Japan’s neutralist tendency seemed to abate after Hatoyama’s retirement and Ishibashi’s sudden illness and resignation. In February 1957, the United States gained a reliable junior partner in the person of Kishi. After years of fractious politics and party realignment in Japan, Kishi had helped engineer the merger of conservative parties into the Liberal Democratic Party (LDP) in October
1955. In American eyes, the new prime minister appeared capable of achieving a long-awaited stability in Japan’s electoral politics. Better yet, this conservative leader did not challenge United States Asian policy. After being "de-purged" and returning to politics, Kishi consciously used Soviet-American enmity as a way to advance his career and cultivated Washington’s good graces.384 The appointment in the same month of Douglas MacArthur II (the general’s nephew) as the new US ambassador to Japan created a binational team that for the next three years worked closely together on a number of issues, not least of which was the revision of the US-Japan Security Treaty.

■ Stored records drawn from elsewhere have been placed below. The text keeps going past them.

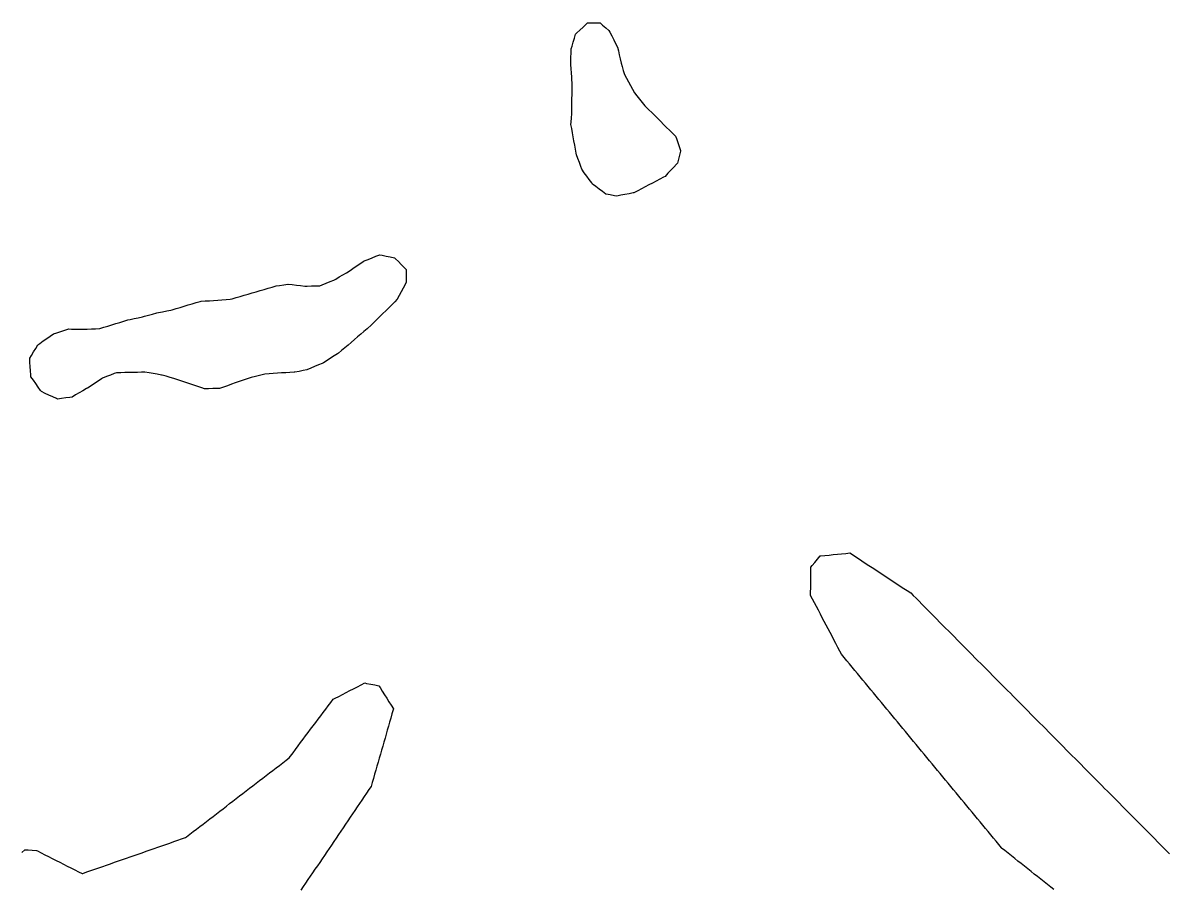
# Model space of a CAD drawing. Header units: millimetres. Extents: x 0 to 2762, y 6 to 2482.
# Drawn here: x 1695.9 to 1969.4, y 321.7 to 528.3 of the extents above; entities that cross this region are included whole.
import ezdxf

# ---------------------------------------------------------------- set-up
doc = ezdxf.new("R2010")
doc.units = ezdxf.units.MM
for name, color, linetype in [('ALL_HOLES', 1, 'Continuous'), ('ALL_ISLANDS', 7, 'Continuous'), ('OUTLINE_ISLAND_01', 7, 'Continuous'), ('OUTLINE_ISLAND_01_HOLE_07', 1, 'Continuous'), ('OUTLINE_ISLAND_01_HOLE_10', 1, 'Continuous')]:
    doc.layers.add(name, color=color, linetype=linetype)

msp = doc.modelspace()

# ---------------------------------------------------------------- linework, layer by layer
at = {"layer": 'ALL_HOLES'}
for points in [[(1830.8559, 528.2607), (1831.8559, 528.2607), (1832.8559, 528.2607), (1833.8559, 528.2607), (1834.4693, 527.7339), (1835.228, 527.0824), (1835.9867, 526.4309), (1836.1964, 526.0251), (1836.6553, 525.1366), (1837.1143, 524.2482), (1837.5733, 523.3597), (1838.0322, 522.4713), (1838.2289, 521.5938), (1838.4477, 520.618), (1838.6664, 519.6422), (1838.8852, 518.6664), (1839.1164, 517.8501), (1839.3889, 516.8879), (1839.6614, 515.9258), (1839.6752, 515.9007), (1840.1563, 515.024), (1840.6373, 514.1473), (1841.1183, 513.2706), (1841.5994, 512.3939), (1842.0804, 511.5172), (1842.6697, 510.7858), (1843.297, 510.0071), (1843.9244, 509.2284), (1844.5518, 508.4497), (1844.794, 508.2096), (1845.5043, 507.5057), (1846.2146, 506.8018), (1846.9248, 506.0978), (1847.6351, 505.3939), (1848.3454, 504.69), (1849.0556, 503.986), (1849.7659, 503.2821), (1850.4762, 502.5782), (1851.1865, 501.8743), (1851.8967, 501.1703), (1852.0933, 500.6139), (1852.4264, 499.671), (1852.7595, 498.7281), (1853.0926, 497.7852), (1853.0492, 497.6034), (1852.817, 496.6307), (1852.5848, 495.6581), (1852.3526, 494.6854), (1852.153, 494.4745), (1851.4656, 493.7483), (1850.7781, 493.022), (1850.0907, 492.2958), (1849.4033, 491.5695), (1849.0423, 491.379), (1848.158, 490.9122), (1847.2736, 490.4454), (1846.3893, 489.9786), (1845.5049, 489.5118), (1844.6205, 489.045), (1843.7362, 488.5782), (1842.8518, 488.1114), (1841.9674, 487.6446), (1841.76, 487.6049), (1840.7778, 487.4171), (1839.7956, 487.2293), (1838.8134, 487.0415), (1837.8312, 486.8537), (1837.2716, 486.9495), (1836.286, 487.1184), (1835.3003, 487.2872), (1835.2449, 487.329), (1834.4464, 487.9311), (1833.648, 488.5331), (1832.8495, 489.1352), (1832.0511, 489.7372), (1831.8496, 490.0167), (1831.2647, 490.8278), (1830.6798, 491.6389), (1830.0949, 492.45), (1829.51, 493.2611), (1829.2621, 493.9332), (1828.9161, 494.8714), (1828.5701, 495.8096), (1828.2241, 496.7478), (1828.1606, 497.0955), (1827.9809, 498.0792), (1827.8011, 499.0629), (1827.6214, 500.0467), (1827.4417, 501.0304), (1827.262, 502.0141), (1827.0823, 502.9978), (1826.9026, 503.9815), (1826.9394, 504.5456), (1827.0045, 505.5435), (1827.0695, 506.5414), (1827.1346, 507.5393), (1827.1367, 508.1411), (1827.1402, 509.1411), (1827.1436, 510.1411), (1827.1471, 511.1411), (1827.1506, 512.1411), (1827.1541, 513.1411), (1827.1575, 514.1411), (1827.1462, 514.2906), (1827.0703, 515.2877), (1826.9944, 516.2848), (1826.9186, 517.2819), (1826.8427, 518.2791), (1826.8704, 519.0384), (1826.9069, 520.0377), (1826.9434, 521.0371), (1826.9799, 522.0364), (1827.1645, 522.6642), (1827.4467, 523.6235), (1827.7289, 524.5829), (1828.011, 525.5423), (1828.331, 525.848), (1829.054, 526.5389), (1829.777, 527.2297), (1830.5, 527.9206)], [(1787.52, 469.3038), (1787.52, 468.3038), (1787.52, 467.3038), (1787.52, 466.3038), (1787.2257, 465.7347), (1786.7664, 464.8465), (1786.307, 463.9582), (1785.8477, 463.07), (1785.3883, 462.1817), (1784.7563, 461.5597), (1784.0437, 460.8582), (1783.331, 460.1567), (1782.6183, 459.4552), (1781.9056, 458.7537), (1781.193, 458.0522), (1780.4803, 457.3507), (1779.7676, 456.6492), (1779.0549, 455.9477), (1778.3423, 455.2462), (1778.1835, 455.1121), (1777.4195, 454.4669), (1776.6555, 453.8217), (1775.8915, 453.1764), (1775.1275, 452.5312), (1774.3635, 451.886), (1773.5995, 451.2408), (1772.8355, 450.5956), (1772.0715, 449.9503), (1771.3075, 449.3051), (1771.1105, 449.1768), (1770.2724, 448.6312), (1769.4344, 448.0856), (1768.5964, 447.54), (1767.7583, 446.9943), (1767.4551, 446.8676), (1766.5325, 446.4818), (1765.6099, 446.0961), (1764.6873, 445.7103), (1763.7647, 445.3246), (1762.886, 445.1519), (1761.9047, 444.959), (1760.9235, 444.7662), (1760.7212, 444.7535), (1759.7232, 444.6912), (1758.7251, 444.6288), (1757.727, 444.5664), (1756.729, 444.5041), (1755.7309, 444.4417), (1754.7329, 444.3794), (1753.7348, 444.317), (1753.3951, 444.2317), (1752.4252, 443.9882), (1751.4553, 443.7447), (1750.4854, 443.5012), (1750.4429, 443.4866), (1749.4976, 443.1606), (1748.5522, 442.8346), (1747.6068, 442.5086), (1746.6614, 442.1826), (1745.7161, 441.8566), (1744.7707, 441.5306), (1743.8253, 441.2046), (1742.8799, 440.8786), (1742.2775, 440.8586), (1741.2781, 440.8255), (1740.2786, 440.7923), (1739.2792, 440.7592), (1738.6188, 440.9844), (1737.6723, 441.3073), (1736.7259, 441.6301), (1735.7794, 441.953), (1734.833, 442.2758), (1733.8865, 442.5987), (1732.9401, 442.9215), (1731.9936, 443.2444), (1731.1047, 443.4993), (1730.1434, 443.775), (1729.1822, 444.0507), (1729.0036, 444.0809), (1728.0176, 444.2477), (1727.0316, 444.4144), (1726.0456, 444.5812), (1725.0596, 444.7479), (1724.2544, 444.7329), (1723.2545, 444.7142), (1722.2547, 444.6955), (1721.2549, 444.6768), (1720.2551, 444.6581), (1719.2552, 444.6394), (1718.2554, 444.6207), (1717.7346, 444.4213), (1716.8008, 444.0637), (1715.8669, 443.7061), (1714.933, 443.3485), (1714.6772, 443.179), (1713.8437, 442.6264), (1713.0102, 442.0739), (1712.1767, 441.5214), (1711.3432, 440.9689), (1711.0857, 440.8183), (1710.2223, 440.3138), (1709.3589, 439.8092), (1708.4956, 439.3046), (1707.6322, 438.8), (1707.1016, 438.7291), (1706.1104, 438.5965), (1705.1193, 438.4639), (1704.1281, 438.3313), (1703.9171, 438.4299), (1703.0111, 438.8532), (1702.1051, 439.2765), (1701.1991, 439.6998), (1700.2932, 440.1232), (1700.112, 440.3806), (1699.5365, 441.1984), (1698.9611, 442.0163), (1698.3856, 442.8341), (1697.8101, 443.6519), (1697.7797, 444.0926), (1697.7109, 445.0902), (1697.642, 446.0878), (1697.5732, 447.0855), (1697.5044, 448.0831), (1697.9054, 448.7461), (1698.423, 449.6017), (1698.9406, 450.4573), (1699.4582, 451.313), (1699.9401, 451.6465), (1700.7624, 452.2156), (1701.5847, 452.7846), (1702.407, 453.3537), (1703.2293, 453.9228), (1704.0218, 454.1746), (1704.9748, 454.4775), (1705.9279, 454.7803), (1706.8809, 455.0832), (1707.5135, 455.0739), (1708.5134, 455.0593), (1709.5133, 455.0447), (1710.5132, 455.0301), (1711.2673, 455.0629), (1712.2663, 455.1064), (1713.2654, 455.15), (1714.2644, 455.1935), (1715.1995, 455.4822), (1716.155, 455.7772), (1717.1105, 456.0722), (1718.066, 456.3672), (1719.0215, 456.6621), (1719.977, 456.9571), (1720.9325, 457.2521), (1721.4943, 457.366), (1722.4744, 457.5647), (1723.4544, 457.7634), (1724.4345, 457.9621), (1724.9723, 458.1108), (1725.9361, 458.3775), (1726.8999, 458.6441), (1727.8637, 458.9107), (1728.3035, 458.9994), (1729.2837, 459.1972), (1730.264, 459.395), (1731.2442, 459.5927), (1731.5393, 459.6813), (1732.4972, 459.9687), (1733.455, 460.2561), (1734.4128, 460.5435), (1735.3706, 460.8309), (1736.3284, 461.1184), (1737.2862, 461.4058), (1738.244, 461.6932), (1738.4781, 461.7099), (1739.4755, 461.7811), (1740.473, 461.8523), (1741.4704, 461.9235), (1742.4679, 461.9947), (1743.4654, 462.0659), (1744.4628, 462.1371), (1745.4603, 462.2083), (1745.8705, 462.3272), (1746.8309, 462.6055), (1747.7914, 462.8839), (1748.7519, 463.1622), (1749.7124, 463.4405), (1750.6729, 463.7189), (1751.6334, 463.9972), (1752.5938, 464.2755), (1753.5543, 464.5539), (1754.5148, 464.8322), (1755.4753, 465.1106), (1756.4358, 465.3889), (1757.2414, 465.5097), (1758.2304, 465.6579), (1759.2193, 465.8062), (1759.2868, 465.7981), (1760.2796, 465.679), (1761.2725, 465.5599), (1762.2654, 465.4408), (1763.2583, 465.3217), (1763.845, 465.3394), (1764.8445, 465.3696), (1765.8441, 465.3997), (1766.8436, 465.4299), (1767.4466, 465.6665), (1768.3775, 466.0318), (1769.3084, 466.3971), (1770.2393, 466.7623), (1770.6526, 467.0069), (1771.5132, 467.5161), (1772.3738, 468.0254), (1773.2344, 468.5346), (1774.0951, 469.0438), (1774.7635, 469.5178), (1775.5792, 470.0963), (1776.3949, 470.6747), (1777.2106, 471.2532), (1777.4942, 471.3649), (1778.4246, 471.7315), (1779.3549, 472.0982), (1780.2853, 472.4648), (1781.2157, 472.8314), (1781.7474, 472.723), (1782.7273, 472.5232), (1783.7071, 472.3234), (1784.687, 472.1237), (1784.926, 471.8857), (1785.6348, 471.1802), (1786.3435, 470.4748), (1787.0523, 469.7693)]]:
    msp.add_lwpolyline(points, close=True, dxfattribs=at)
at = {"layer": 'ALL_ISLANDS'}
for points in [[(1942.3662, 321.0484), (1941.5831, 321.6703), (1940.7999, 322.2921), (1940.0168, 322.914), (1939.2337, 323.5359), (1938.4506, 324.1578), (1937.6675, 324.7797), (1936.8844, 325.4016), (1936.1013, 326.0235), (1935.3182, 326.6454), (1934.5351, 327.2672), (1933.752, 327.8891), (1932.9689, 328.511), (1932.1858, 329.1329), (1931.4027, 329.7548), (1930.6196, 330.3767), (1929.8364, 330.9986), (1929.7845, 331.0615), (1929.1477, 331.8325), (1928.5109, 332.6036), (1927.8741, 333.3746), (1927.2373, 334.1456), (1926.6005, 334.9167), (1925.9637, 335.6877), (1925.3269, 336.4587), (1924.6901, 337.2297), (1924.0533, 338.0008), (1923.4165, 338.7718), (1922.7797, 339.5428), (1922.1429, 340.3139), (1921.5061, 341.0849), (1920.8693, 341.8559), (1920.2325, 342.627), (1919.5957, 343.398), (1918.9589, 344.169), (1918.3221, 344.94), (1917.6853, 345.7111), (1917.0485, 346.4821), (1916.4117, 347.2531), (1915.7749, 348.0242), (1915.1381, 348.7952), (1914.5013, 349.5662), (1913.8645, 350.3373), (1913.2277, 351.1083), (1912.5909, 351.8793), (1911.9541, 352.6503), (1911.3173, 353.4214), (1910.6805, 354.1924), (1910.0437, 354.9634), (1909.4069, 355.7345), (1908.7701, 356.5055), (1908.1333, 357.2765), (1907.4965, 358.0475), (1906.8597, 358.8186), (1906.2229, 359.5896), (1905.5861, 360.3606), (1904.9493, 361.1317), (1904.3125, 361.9027), (1903.6757, 362.6737), (1903.0389, 363.4448), (1902.4021, 364.2158), (1901.7653, 364.9868), (1901.1285, 365.7578), (1900.4917, 366.5289), (1899.8549, 367.2999), (1899.2181, 368.0709), (1898.5813, 368.842), (1897.9445, 369.613), (1897.3077, 370.384), (1896.6709, 371.1551), (1896.0341, 371.9261), (1895.3973, 372.6971), (1894.7605, 373.4681), (1894.1237, 374.2392), (1893.4869, 375.0102), (1892.8501, 375.7812), (1892.2133, 376.5523), (1891.5765, 377.3233), (1891.1724, 378.0915), (1890.7069, 378.9766), (1890.2414, 379.8616), (1889.7759, 380.7467), (1889.3104, 381.6317), (1888.8448, 382.5167), (1888.3793, 383.4018), (1887.9138, 384.2868), (1887.4483, 385.1719), (1886.9828, 386.0569), (1886.5173, 386.9419), (1886.0517, 387.827), (1885.5862, 388.712), (1885.1207, 389.597), (1884.6552, 390.4821), (1884.1897, 391.3671), (1884.1985, 392.1781), (1884.2093, 393.178), (1884.2201, 394.178), (1884.231, 395.1779), (1884.2418, 396.1779), (1884.2526, 397.1778), (1884.2634, 398.1777), (1884.5311, 398.5023), (1885.1673, 399.2738), (1885.8035, 400.0454), (1886.4397, 400.8169), (1886.6252, 400.836), (1887.62, 400.9382), (1888.6148, 401.0405), (1889.6095, 401.1427), (1890.6043, 401.245), (1891.599, 401.3472), (1892.5938, 401.4495), (1893.5885, 401.5517), (1893.9273, 401.3287), (1894.7624, 400.7786), (1895.5976, 400.2286), (1896.4328, 399.6786), (1897.2679, 399.1286), (1898.1031, 398.5786), (1898.9382, 398.0286), (1899.7734, 397.4786), (1900.6085, 396.9286), (1901.4437, 396.3786), (1902.2789, 395.8286), (1903.114, 395.2785), (1903.9492, 394.7285), (1904.7843, 394.1785), (1905.6195, 393.6285), (1906.4547, 393.0785), (1907.2898, 392.5285), (1908.125, 391.9785), (1908.6908, 391.4082), (1909.3951, 390.6983), (1910.0994, 389.9884), (1910.8037, 389.2785), (1911.508, 388.5686), (1912.2124, 387.8587), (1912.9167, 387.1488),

One ofKishi’s prime attractions for the United States was his staunchly pro-Taiwan position. After the normalization of relations with the Soviet Union, rapprochement with the PRC emerged as the next piece of unfinished business in Japan’s public-policy discourse. Although public sentiment favored opening diplomatic relations with Beijing, Kishi visited Taiwan in June - the first Japanese prime minister to do so - and applauded Jiang’s unconcealed intent to reconquer the mainland. This diplomatic grandstanding earned him a severe rebuke from Beijing, but Jiang reciprocated Kishi’s support by endorsing the Japanese prime minister’s Southeast Asian economic development scheme, even when the Southeast Asians themselves were skeptical about the Japanese initiative. By the time Kishi visited the United States in July, top administration officials considered him not simply the "best bet, but the only bet," in Japan for the foreseeable future.385
This American trust carried a big payoff for Kishi. Washington heeded his call for renegotiating the 1951 US-Japan Security Treaty, which had been condemned by the Japanese as one-sided. The treaty’s unilateral features - the US right to intervene inside Japan to suppress internal disorder, the US freedom to deploy American forces inside and outside Japan without consulting Tokyo, and the absence of a specified end date to the treaty - showcased the inequality of the alliance and undercut Japan’s sovereignty. But perhaps the most unpopular feature of the treaty was that obligations were not mutual: while Japan was required to provide bases to the United States, there was no explicit guarantee by the United States to defend Japan. Leftist critics of the treaty argued that the arrangement only turned Japan into
A launching pad for American military operations, including nuclear attacks, against its Cold War enemies and made the nation vulnerable to reprisals.
Foreign Minister Shigemitsu first broached the modification of the treaty into a more mutual arrangement when he visited the United States in 1955. He was rebuffed by Dulles, who asked sarcastically whether Japan, shackled by Article IX of its constitution, could send troops overseas to defend the United States. But several years later, when Kishi asked for an adjustment of the treaty, the US government was much more receptive. Washington valued his staunch allegiance to US Cold War policies in Asia. Moreover, Japan’s diplomatic leverage was mounting now that relations with the Soviet Union had been reopened and Japan was a full-fledged member of the UN and GATT. Finally, the Joint Chiefs of Staff feared that the antibase sentiment cresting in Japan and leftist Diet members’ move to sponsor restrictive legislation would endanger the use of bases in the Japanese main islands and Okinawa.
The impediment to making the treaty more mutual was the Vandenberg Resolution, which authorized the United States to enter into mutual defense agreements only with countries capable of providing self-defense and contributing to the security of the United States. But Eisenhower decided to accept Ambassador MacArthur’s recommendation that the United States not wait for Japan to revise its pacifist constitution, and he concurred that Japan’s provision of bases to the United States to maintain peace and security in the Far East should be considered an acceptable equivalent. In order to retain the guaranteed use of bases in Japan, the United States made a calculated choice: not to demand the elimination of the war-renouncing provision of the Japanese constitution as a precondition of treaty revision.386
Signed in January 1960, the new security treaty included many of the changes desired by Japan as a sign of more equal partnership. It barred US military intervention inside Japan and eliminated prohibitions against providing bases to third countries without US approval. It also mandated consultation before American forces were deployed into or out ofJapan. Additionally, the treaty contained provisions for economic cooperation similar to those in the North Atlantic Treaty. It had a time limit of ten years and explicitly stated that the United States had an obligation to defend Japan. In a supplementary aide-memoire, specific restrictions were placed on how the bases could be used, and it was agreed that nuclear deployments to Japan also came under
The requirement for prior consultation. Okinawa, however, remained outside these updated security arrangements, allowing the garrisoned island to be fully mobilized in the service of the new American Cold War agenda in the vaguely defined "Far East" - Vietnam.